AVAILABLE DATA >>
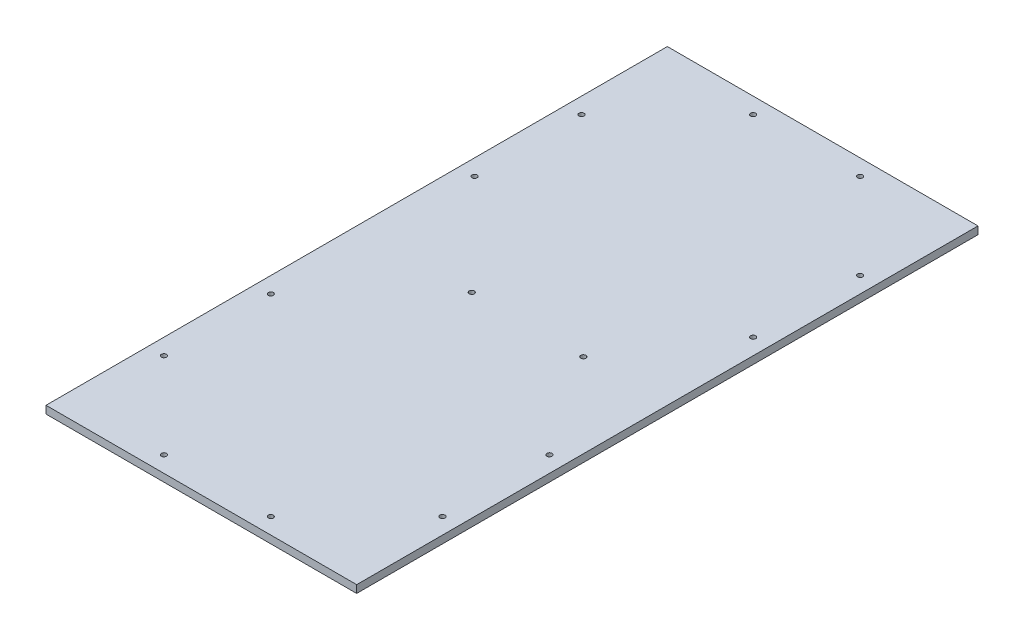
ISO-10303-21;
HEADER;
FILE_DESCRIPTION(('STEP AP214'),'2;1');
FILE_NAME('part.step','',(''),(''),'','','');
FILE_SCHEMA(('AUTOMOTIVE_DESIGN { 1 0 10303 214 1 1 1 1 }'));
ENDSEC;
DATA;
#1=APPLICATION_CONTEXT('core data for automotive mechanical design processes');
#2=APPLICATION_PROTOCOL_DEFINITION('international standard','automotive_design',2000,#1);
#3=PRODUCT_CONTEXT('',#1,'mechanical');
#4=PRODUCT('Part','Part','',(#3));
#5=PRODUCT_RELATED_PRODUCT_CATEGORY('part','',(#4));
#6=PRODUCT_DEFINITION_FORMATION('','',#4);
#7=PRODUCT_DEFINITION_CONTEXT('part definition',#1,'design');
#8=PRODUCT_DEFINITION('design','',#6,#7);
#9=PRODUCT_DEFINITION_SHAPE('','',#8);
#10=(LENGTH_UNIT() NAMED_UNIT(*) SI_UNIT(.MILLI.,.METRE.));
#11=(NAMED_UNIT(*) PLANE_ANGLE_UNIT() SI_UNIT($,.RADIAN.));
#12=(NAMED_UNIT(*) SI_UNIT($,.STERADIAN.) SOLID_ANGLE_UNIT());
#13=UNCERTAINTY_MEASURE_WITH_UNIT(LENGTH_MEASURE(1.E-05),#10,'distance_accuracy_value','');
#14=(GEOMETRIC_REPRESENTATION_CONTEXT(3) GLOBAL_UNCERTAINTY_ASSIGNED_CONTEXT((#13)) GLOBAL_UNIT_ASSIGNED_CONTEXT((#10,
#11,#12)) REPRESENTATION_CONTEXT('',''));
#15=CARTESIAN_POINT('',(0.,0.,0.));
#16=DIRECTION('',(0.,0.,1.));
#17=DIRECTION('',(1.,0.,0.));
#18=AXIS2_PLACEMENT_3D('',#15,#16,#17);
#19=CARTESIAN_POINT('',(0.,15.,0.));
#20=DIRECTION('',(1.,0.,0.));
#21=DIRECTION('',(0.,0.,-1.));
#22=AXIS2_PLACEMENT_3D('',#19,#20,#21);
#23=PLANE('',#22);
#24=DIRECTION('',(0.,0.,1.));
#25=VECTOR('',#24,1.);
#26=CARTESIAN_POINT('',(0.,0.,0.));
#27=LINE('',#26,#25);
#28=CARTESIAN_POINT('',(0.,0.,-1220.));
#29=VERTEX_POINT('',#28);
#30=CARTESIAN_POINT('',(0.,0.,0.));
#31=VERTEX_POINT('',#30);
#32=EDGE_CURVE('E98',#29,#31,#27,.T.);
#33=ORIENTED_EDGE('',*,*,#32,.T.);
#34=DIRECTION('',(0.,-1.,0.));
#35=VECTOR('',#34,1.);
#36=CARTESIAN_POINT('',(0.,15.,0.));
#37=LINE('',#36,#35);
#38=CARTESIAN_POINT('',(0.,15.,0.));
#39=VERTEX_POINT('',#38);
#40=EDGE_CURVE('E11',#39,#31,#37,.T.);
#41=ORIENTED_EDGE('',*,*,#40,.F.);
#42=DIRECTION('',(0.,0.,1.));
#43=VECTOR('',#42,1.);
#44=CARTESIAN_POINT('',(0.,15.,0.));
#45=LINE('',#44,#43);
#46=CARTESIAN_POINT('',(0.,15.,-1220.));
#47=VERTEX_POINT('',#46);
#48=EDGE_CURVE('E86',#47,#39,#45,.T.);
#49=ORIENTED_EDGE('',*,*,#48,.F.);
#50=DIRECTION('',(0.,-1.,0.));
#51=VECTOR('',#50,1.);
#52=CARTESIAN_POINT('',(0.,15.,-1220.));
#53=LINE('',#52,#51);
#54=EDGE_CURVE('E94',#47,#29,#53,.T.);
#55=ORIENTED_EDGE('',*,*,#54,.T.);
#56=EDGE_LOOP('',(#33,#41,#49,#55));
#57=FACE_BOUND('',#56,.T.);
#58=ADVANCED_FACE('F35',(#57),#23,.F.);
#59=CARTESIAN_POINT('',(0.,15.,0.));
#60=DIRECTION('',(0.,0.,-1.));
#61=DIRECTION('',(-1.,0.,0.));
#62=AXIS2_PLACEMENT_3D('',#59,#60,#61);
#63=PLANE('',#62);
#64=DIRECTION('',(1.,0.,0.));
#65=VECTOR('',#64,1.);
#66=CARTESIAN_POINT('',(0.,0.,0.));
#67=LINE('',#66,#65);
#68=CARTESIAN_POINT('',(610.,0.,0.));
#69=VERTEX_POINT('',#68);
#70=EDGE_CURVE('E90',#31,#69,#67,.T.);
#71=ORIENTED_EDGE('',*,*,#70,.T.);
#72=DIRECTION('',(0.,-1.,0.));
#73=VECTOR('',#72,1.);
#74=CARTESIAN_POINT('',(610.,15.,0.));
#75=LINE('',#74,#73);
#76=CARTESIAN_POINT('',(610.,15.,0.));
#77=VERTEX_POINT('',#76);
#78=EDGE_CURVE('E43',#77,#69,#75,.T.);
#79=ORIENTED_EDGE('',*,*,#78,.F.);
#80=DIRECTION('',(1.,0.,0.));
#81=VECTOR('',#80,1.);
#82=CARTESIAN_POINT('',(0.,15.,0.));
#83=LINE('',#82,#81);
#84=EDGE_CURVE('E81',#39,#77,#83,.T.);
#85=ORIENTED_EDGE('',*,*,#84,.F.);
#86=ORIENTED_EDGE('',*,*,#40,.T.);
#87=EDGE_LOOP('',(#71,#79,#85,#86));
#88=FACE_BOUND('',#87,.T.);
#89=ADVANCED_FACE('F89',(#88),#63,.F.);
#90=CARTESIAN_POINT('',(610.,15.,0.));
#91=DIRECTION('',(-1.,0.,0.));
#92=DIRECTION('',(0.,0.,1.));
#93=AXIS2_PLACEMENT_3D('',#90,#91,#92);
#94=PLANE('',#93);
#95=DIRECTION('',(0.,0.,-1.));
#96=VECTOR('',#95,1.);
#97=CARTESIAN_POINT('',(610.,0.,0.));
#98=LINE('',#97,#96);
#99=CARTESIAN_POINT('',(610.,0.,-1220.));
#100=VERTEX_POINT('',#99);
#101=EDGE_CURVE('E68',#69,#100,#98,.T.);
#102=ORIENTED_EDGE('',*,*,#101,.T.);
#103=DIRECTION('',(0.,-1.,0.));
#104=VECTOR('',#103,1.);
#105=CARTESIAN_POINT('',(610.,15.,-1220.));
#106=LINE('',#105,#104);
#107=CARTESIAN_POINT('',(610.,15.,-1220.));
#108=VERTEX_POINT('',#107);
#109=EDGE_CURVE('E91',#108,#100,#106,.T.);
#110=ORIENTED_EDGE('',*,*,#109,.F.);
#111=DIRECTION('',(0.,0.,-1.));
#112=VECTOR('',#111,1.);
#113=CARTESIAN_POINT('',(610.,15.,0.));
#114=LINE('',#113,#112);
#115=EDGE_CURVE('E84',#77,#108,#114,.T.);
#116=ORIENTED_EDGE('',*,*,#115,.F.);
#117=ORIENTED_EDGE('',*,*,#78,.T.);
#118=EDGE_LOOP('',(#102,#110,#116,#117));
#119=FACE_BOUND('',#118,.T.);
#120=ADVANCED_FACE('F92',(#119),#94,.F.);
#121=CARTESIAN_POINT('',(0.,15.,-1220.));
#122=DIRECTION('',(0.,0.,1.));
#123=DIRECTION('',(1.,0.,0.));
#124=AXIS2_PLACEMENT_3D('',#121,#122,#123);
#125=PLANE('',#124);
#126=DIRECTION('',(-1.,0.,0.));
#127=VECTOR('',#126,1.);
#128=CARTESIAN_POINT('',(0.,0.,-1220.));
#129=LINE('',#128,#127);
#130=EDGE_CURVE('E74',#100,#29,#129,.T.);
#131=ORIENTED_EDGE('',*,*,#130,.T.);
#132=ORIENTED_EDGE('',*,*,#54,.F.);
#133=DIRECTION('',(-1.,0.,0.));
#134=VECTOR('',#133,1.);
#135=CARTESIAN_POINT('',(0.,15.,-1220.));
#136=LINE('',#135,#134);
#137=EDGE_CURVE('E51',#108,#47,#136,.T.);
#138=ORIENTED_EDGE('',*,*,#137,.F.);
#139=ORIENTED_EDGE('',*,*,#109,.T.);
#140=EDGE_LOOP('',(#131,#132,#138,#139));
#141=FACE_BOUND('',#140,.T.);
#142=ADVANCED_FACE('F106',(#141),#125,.F.);
#143=CARTESIAN_POINT('',(0.,15.,0.));
#144=DIRECTION('',(0.,-1.,0.));
#145=DIRECTION('',(0.,0.,-1.));
#146=AXIS2_PLACEMENT_3D('',#143,#144,#145);
#147=PLANE('',#146);
#148=CARTESIAN_POINT('',(200.,15.,-31.5000000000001));
#149=DIRECTION('',(0.,1.,0.));
#150=DIRECTION('',(0.,0.,1.));
#151=AXIS2_PLACEMENT_3D('',#148,#149,#150);
#152=CIRCLE('',#151,4.99999999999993);
#153=CARTESIAN_POINT('',(200.,15.,-26.5000000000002));
#154=VERTEX_POINT('',#153);
#155=EDGE_CURVE('E115',#154,#154,#152,.T.);
#156=ORIENTED_EDGE('',*,*,#155,.F.);
#157=EDGE_LOOP('',(#156));
#158=FACE_BOUND('',#157,.T.);
#159=CARTESIAN_POINT('',(410.,15.,-31.5000000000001));
#160=DIRECTION('',(0.,1.,0.));
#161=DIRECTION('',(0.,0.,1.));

WHAT TO WORK ON >> Once you reach the line with "#88=FACE_BOUND('',#87,.T.);" in the data above, copy it and every line after it exactly, up to and including the line with "#95=DIRECTION('',(0.,0.,-1.));".

RESULT FOR THIS TASK >>
#88=FACE_BOUND('',#87,.T.);
#89=ADVANCED_FACE('F89',(#88),#63,.F.);
#90=CARTESIAN_POINT('',(610.,15.,0.));
#91=DIRECTION('',(-1.,0.,0.));
#92=DIRECTION('',(0.,0.,1.));
#93=AXIS2_PLACEMENT_3D('',#90,#91,#92);
#94=PLANE('',#93);
#95=DIRECTION('',(0.,0.,-1.));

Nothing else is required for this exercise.